621,000 REHENES

No, no me refiero a lo sucedido en Iraq, Syria, Chechenia o Colombia. Me refiero aquí en Baja California.

Los rehenes son los niños y niñas estudiantes de nivel básico y cuyo futuro se pone en juego por el hecho de no recibir clases. Esto no es cosa pequeña. ¿Cuales y cuantos de ellos son familiares o conocidos de cada uno de nosotros?

Los líderes del Sindicato Nacional de los Trabajadores de la Educación, (SNTE), y los del llamado Movimiento de Resistencia Estatal, (MRE), dieron ordenes a sus agremiados de no presentarse a dar clases el primer día de este ciclo escolar.

Los maestros reclaman, con derecho, el pago de compromisos pendientes acordados con el gobierno estatal anterior.

Ha pasado el tiempo y aunque el gobierno actual ha realizado pagos para disminuir el rezago este no ha sido liquidado en su totalidad debido a que no se cuenta con la suficiencia presupuestaria para ello.

No es que no le estén pagando su sueldo a los maestros sino que se trata de partidas de ingreso adicional aun pendientes de pagar.

Por un lado el gobierno del estado ha dicho que tiene la voluntad para cumplir sus compromisos sin embargo hasta la fecha ha faltado capacidad o planeación o suficiencia financiera para atender y pagar.

Por otro lado el SNTE y el MRE han tomado una decisión táctica tan fuerte como riesgosa al usar de rehenes a los mas de 691,000 niños y niñas que son simples peones en su negociación.

Es claro que se les debe pagar el adeudo siempre y cuando proceda pero el que aun no se haya cumplido ese compromiso en su totalidad no les da el derecho de minar el futuro de un solo niño mucho menos la cifra mencionada.

Lo niños son ajenos a la discusión y son los que más pagan las consecuencias.
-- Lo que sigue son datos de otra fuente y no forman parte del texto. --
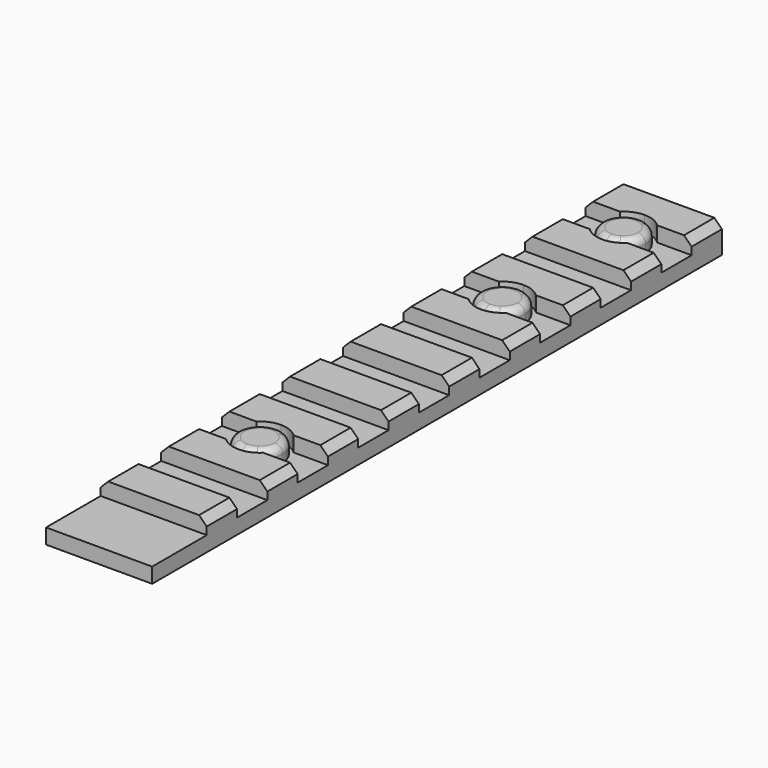
from build123d import *

# Parameters (mm, degrees)
F0_W     = 14
F0_H     = 94
F1_DEPTH = 2
F2_W     = 7
F2_H     = 5
F3_DEPTH = 2
F4_SIZE  = 1
F5_R     = 1


with BuildPart() as f1:
    # F0 (on Top) → F1 (new body)
    with BuildSketch(Plane.XY):
        with Locations((-7, 11.0699324605)):
            Rectangle(F0_W, F0_H)
    extrude(amount=F1_DEPTH)

    # F2 (on face) → F3 (join)
    with BuildSketch(Plane.XY.offset(2)):
        with BuildLine():
            Line((-7, 58.0699324605), (-14, 58.0699324605))
            Line((-14, 58.0699324605), (-14, 53.0699324605))
            Line((-14, 53.0699324605), (-9.4494897428, 53.0699324605))
            ThreePointArc((-9.4494897428, 53.0699324605), (-8.3228756555, 53.8103028097), (-7, 54.0699324605))
            Line((-7, 54.0699324605), (-7, 58.0699324605))
        make_face()
        with BuildLine():
            Line((0, 58.0699324605), (-7, 58.0699324605))
            Line((-7, 58.0699324605), (-7, 54.0699324605))
            ThreePointArc((-7, 54.0699324605), (-5.6771243445, 53.8103028097), (-4.5505102572, 53.0699324605))
            Line((-4.5505102572, 53.0699324605), (0, 53.0699324605))
            Line((0, 53.0699324605), (0, 58.0699324605))
        make_face()
        with BuildLine():
            Line((-9.4494897428, 48.0699324605), (-14, 48.0699324605))
            Line((-14, 48.0699324605), (-14, 43.0699324605))
            Line((-14, 43.0699324605), (-7, 43.0699324605))
            Line((-7, 43.0699324605), (-7, 47.0699324605))
            ThreePointArc((-7, 47.0699324605), (-8.3228756555, 47.3295621113), (-9.4494897428, 48.0699324605))
        make_face()
        with BuildLine():
            ThreePointArc((-4.5505102572, 48.0699324605), (-5.6771243445, 47.3295621113), (-7, 47.0699324605))
            Line((-7, 47.0699324605), (-7, 43.0699324605))
            Line((-7, 43.0699324605), (0, 43.0699324605))
            Line((0, 43.0699324605), (0, 48.0699324605))
            Line((0, 48.0699324605), (-4.5505102572, 48.0699324605))
        make_face()
        with BuildLine():
            Line((0, 38.0699324605), (-7, 38.0699324605))
            Line((-7, 38.0699324605), (-7, 34.0699324605))
            ThreePointArc((-7, 34.0699324605), (-5.6771243445, 33.8103028097), (-4.5505102572, 33.0699324605))
            Line((-4.5505102572, 33.0699324605), (0, 33.0699324605))
            Line((0, 33.0699324605), (0, 38.0699324605))
        make_face()
        with BuildLine():
            Line((-7, 38.0699324605), (-14, 38.0699324605))
            Line((-14, 38.0699324605), (-14, 33.0699324605))
            Line((-14, 33.0699324605), (-9.4494897428, 33.0699324605))
            ThreePointArc((-9.4494897428, 33.0699324605), (-8.3228756555, 33.8103028097), (-7, 34.0699324605))
            Line((-7, 34.0699324605), (-7, 38.0699324605))
        make_face()
        with BuildLine():
            Line((-9.4494897428, 28.0699324605), (-14, 28.0699324605))
            Line((-14, 28.0699324605), (-14, 23.0699324605))
            Line((-14, 23.0699324605), (-7, 23.0699324605))
            Line((-7, 23.0699324605), (-7, 27.0699324605))
            ThreePointArc((-7, 27.0699324605), (-8.3228756555, 27.3295621113), (-9.4494897428, 28.0699324605))
        make_face()
        with BuildLine():
            Line((0, 23.0699324605), (0, 28.0699324605))
            Line((0, 28.0699324605), (-4.5505102572, 28.0699324605))
            ThreePointArc((-4.5505102572, 28.0699324605), (-5.6771243445, 27.3295621113), (-7, 27.0699324605))
            Line((-7, 27.0699324605), (-7, 23.0699324605))
            Line((-7, 23.0699324605), (0, 23.0699324605))
        make_face()
        with Locations((-10.5, 15.5699324605)):
            Rectangle(F2_W, F2_H)
        with Locations((-3.5, 15.5699324605)):
            Rectangle(F2_W, F2_H)
        with Locations((-10.5, 5.5699324605)):
            Rectangle(F2_W, F2_H)
        with Locations((-3.5, 5.5699324605)):
            Rectangle(F2_W, F2_H)
        with BuildLine():
            Line((-7, -1.9300675395), (-14, -1.9300675395))
            Line((-14, -1.9300675395), (-14, -6.9300675395))
            Line((-14, -6.9300675395), (-9.4494897428, -6.9300675395))
            ThreePointArc((-9.4494897428, -6.9300675395), (-8.3228756555, -6.1896971903), (-7, -5.9300675395))
            Line((-7, -5.9300675395), (-7, -1.9300675395))
        make_face()
        with BuildLine():
            Line((0, -1.9300675395), (-7, -1.9300675395))
            Line((-7, -1.9300675395), (-7, -5.9300675395))
            ThreePointArc((-7, -5.9300675395), (-5.6771243445, -6.1896971903), (-4.5505102572, -6.9300675395))
            Line((-4.5505102572, -6.9300675395), (0, -6.9300675395))
            Line((0, -6.9300675395), (0, -1.9300675395))
        make_face()
        with BuildLine():
            Line((-9.4494897428, -11.9300675395), (-14, -11.9300675395))
            Line((-14, -11.9300675395), (-14, -16.9300675395))
            Line((-14, -16.9300675395), (-7, -16.9300675395))
            Line((-7, -16.9300675395), (-7, -12.9300675395))
            ThreePointArc((-7, -12.9300675395), (-8.3228756555, -12.6704378887), (-9.4494897428, -11.9300675395))
        make_face()
        with BuildLine():
            Line((0, -16.9300675395), (0, -11.9300675395))
            Line((0, -11.9300675395), (-4.5505102572, -11.9300675395))
            ThreePointArc((-4.5505102572, -11.9300675395), (-5.6771243445, -12.6704378887), (-7, -12.9300675395))
            Line((-7, -12.9300675395), (-7, -16.9300675395))
            Line((-7, -16.9300675395), (0, -16.9300675395))
        make_face()
        with Locations((-10.5, -24.4300675395)):
            Rectangle(F2_W, F2_H)
        with Locations((-3.5, -24.4300675395)):
            Rectangle(F2_W, F2_H)
        with BuildLine():
            Line((-7, 53.0699324605), (-8.5114243945, 53.0699324605))
            ThreePointArc((-8.5114243945, 53.0699324605), (-9.9213701751, 50.5699324605), (-8.5114243945, 48.0699324605))
            Line((-8.5114243945, 48.0699324605), (-7, 48.0699324605))
            Line((-7, 48.0699324605), (-7, 53.0699324605))
        make_face()
        with BuildLine():
            Line((-5.4885756055, 53.0699324605), (-7, 53.0699324605))
            Line((-7, 53.0699324605), (-7, 48.0699324605))
            Line((-7, 48.0699324605), (-5.4885756055, 48.0699324605))
            ThreePointArc((-5.4885756055, 48.0699324605), (-4.455414194, 49.1348412522), (-4.0786298249, 50.5699324605))
            ThreePointArc((-4.0786298249, 50.5699324605), (-4.455414194, 52.0050236688), (-5.4885756055, 53.0699324605))
        make_face()
        with BuildLine():
            ThreePointArc((-5.4885756055, 53.0699324605), (-6.2154688463, 53.3839890642), (-7, 53.4913026356))
            Line((-7, 53.4913026356), (-7, 53.0699324605))
            Line((-7, 53.0699324605), (-5.4885756055, 53.0699324605))
        make_face()
        with BuildLine():
            ThreePointArc((-7, 53.4913026356), (-7.7845311537, 53.3839890642), (-8.5114243945, 53.0699324605))
            Line((-8.5114243945, 53.0699324605), (-7, 53.0699324605))
            Line((-7, 53.0699324605), (-7, 53.4913026356))
        make_face()
        with BuildLine():
            Line((-7, 48.0699324605), (-8.5114243945, 48.0699324605))
            ThreePointArc((-8.5114243945, 48.0699324605), (-7.7845311537, 47.7558758567), (-7, 47.6485622853))
            Line((-7, 47.6485622853), (-7, 48.0699324605))
        make_face()
        with BuildLine():
            Line((-5.4885756055, 48.0699324605), (-7, 48.0699324605))
            Line((-7, 48.0699324605), (-7, 47.6485622853))
            ThreePointArc((-7, 47.6485622853), (-6.2154688463, 47.7558758567), (-5.4885756055, 48.0699324605))
        make_face()
        with BuildLine():
            Line((-7, 33.0699324605), (-7, 33.5699324605))
            ThreePointArc((-7, 33.5699324605), (-7.8660254038, 33.4422137837), (-8.6583123952, 33.0699324605))
            Line((-8.6583123952, 33.0699324605), (-7, 33.0699324605))
        make_face()
        with BuildLine():
            ThreePointArc((-5.3416876048, 33.0699324605), (-6.1339745962, 33.4422137837), (-7, 33.5699324605))
            Line((-7, 33.5699324605), (-7, 33.0699324605))
            Line((-7, 33.0699324605), (-5.3416876048, 33.0699324605))
        make_face()
        with BuildLine():
            Line((-5.3416876048, 33.0699324605), (-7, 33.0699324605))
            Line((-7, 33.0699324605), (-7, 28.0699324605))
            Line((-7, 28.0699324605), (-5.3416876048, 28.0699324605))
            ThreePointArc((-5.3416876048, 28.0699324605), (-4.3566179631, 29.151295295), (-4, 30.5699324605))
            ThreePointArc((-4, 30.5699324605), (-4.3566179631, 31.9885696259), (-5.3416876048, 33.0699324605))
        make_face()
        with BuildLine():
            Line((-7, 33.0699324605), (-8.6583123952, 33.0699324605))
            ThreePointArc((-8.6583123952, 33.0699324605), (-10, 30.5699324605), (-8.6583123952, 28.0699324605))
            Line((-8.6583123952, 28.0699324605), (-7, 28.0699324605))
            Line((-7, 28.0699324605), (-7, 33.0699324605))
        make_face()
        with BuildLine():
            Line((-7, 28.0699324605), (-8.6583123952, 28.0699324605))
            ThreePointArc((-8.6583123952, 28.0699324605), (-7.8660254038, 27.6976511372), (-7, 27.5699324605))
            Line((-7, 27.5699324605), (-7, 28.0699324605))
        make_face()
        with BuildLine():
            Line((-5.3416876048, 28.0699324605), (-7, 28.0699324605))
            Line((-7, 28.0699324605), (-7, 27.5699324605))
            ThreePointArc((-7, 27.5699324605), (-6.1339745962, 27.6976511372), (-5.3416876048, 28.0699324605))
        make_face()
        with BuildLine():
            Line((-7, -6.9300675395), (-7, -6.4300675395))
            ThreePointArc((-7, -6.4300675395), (-7.8660254038, -6.5577862163), (-8.6583123952, -6.9300675395))
            Line((-8.6583123952, -6.9300675395), (-7, -6.9300675395))
        make_face()
        with BuildLine():
            ThreePointArc((-5.3416876048, -6.9300675395), (-6.1339745962, -6.5577862163), (-7, -6.4300675395))
            Line((-7, -6.4300675395), (-7, -6.9300675395))
            Line((-7, -6.9300675395), (-5.3416876048, -6.9300675395))
        make_face()
        with BuildLine():
            Line((-5.3416876048, -6.9300675395), (-7, -6.9300675395))
            Line((-7, -6.9300675395), (-7, -11.9300675395))
            Line((-7, -11.9300675395), (-5.3416876048, -11.9300675395))
            ThreePointArc((-5.3416876048, -11.9300675395), (-4.3566179631, -10.848704705), (-4, -9.4300675395))
            ThreePointArc((-4, -9.4300675395), (-4.3566179631, -8.0114303741), (-5.3416876048, -6.9300675395))
        make_face()
        with BuildLine():
            Line((-7, -6.9300675395), (-8.6583123952, -6.9300675395))
            ThreePointArc((-8.6583123952, -6.9300675395), (-10, -9.4300675395), (-8.6583123952, -11.9300675395))
            Line((-8.6583123952, -11.9300675395), (-7, -11.9300675395))
            Line((-7, -11.9300675395), (-7, -6.9300675395))
        make_face()
        with BuildLine():
            Line((-7, -11.9300675395), (-8.6583123952, -11.9300675395))
            ThreePointArc((-8.6583123952, -11.9300675395), (-7.8660254038, -12.3023488628), (-7, -12.4300675395))
            Line((-7, -12.4300675395), (-7, -11.9300675395))
        make_face()
        with BuildLine():
            Line((-5.3416876048, -11.9300675395), (-7, -11.9300675395))
            Line((-7, -11.9300675395), (-7, -12.4300675395))
            ThreePointArc((-7, -12.4300675395), (-6.1339745962, -12.3023488628), (-5.3416876048, -11.9300675395))
        make_face()
    extrude(amount=F3_DEPTH)

    # F4
    f4_edges = [f1.edges().sort_by_distance(p)[0] for p in [
        (-14, 55.569932, 4),
        (-14, 45.569932, 4),
        (-14, 35.569932, 4),
        (-14, 25.569932, 4),
        (-14, 15.569932, 4),
        (-14, 5.569932, 4),
        (-14, -4.430068, 4),
        (-14, -14.430068, 4),
        (-14, -24.430068, 4),
        (0, -24.430068, 4),
        (0, -14.430068, 4),
        (0, -4.430068, 4),
        (0, 5.569932, 4),
        (0, 15.569932, 4),
        (0, 25.569932, 4),
        (0, 35.569932, 4),
        (0, 45.569932, 4),
        (0, 55.569932, 4),
    ]]
    chamfer(f4_edges, length=F4_SIZE)

    # F5
    f5_edges = [f1.edges().sort_by_distance(p)[0] for p in [
        (-5.341688, -11.930068, 4),
        (-5.341688, 28.069932, 4),
        (-5.488576, 53.069932, 4),
    ]]
    fillet(f5_edges, radius=F5_R)


solid = f1.part

Con esta decisión el SNTE pierde el apoyo de  valiosos aliados sociales en su justo reclamo como son los padres de familia y la mayoría de la sociedad que ven en esta medida un desatino que afecta a los niños.

El camino no es tomar rehenes ni peones. El camino es la persistencia en el diálogo y claro otras medidas de manifestación, de comunicación y de convocatoria pero no y nunca afectando al futuro de la niñez y con ello el de todos nosotros.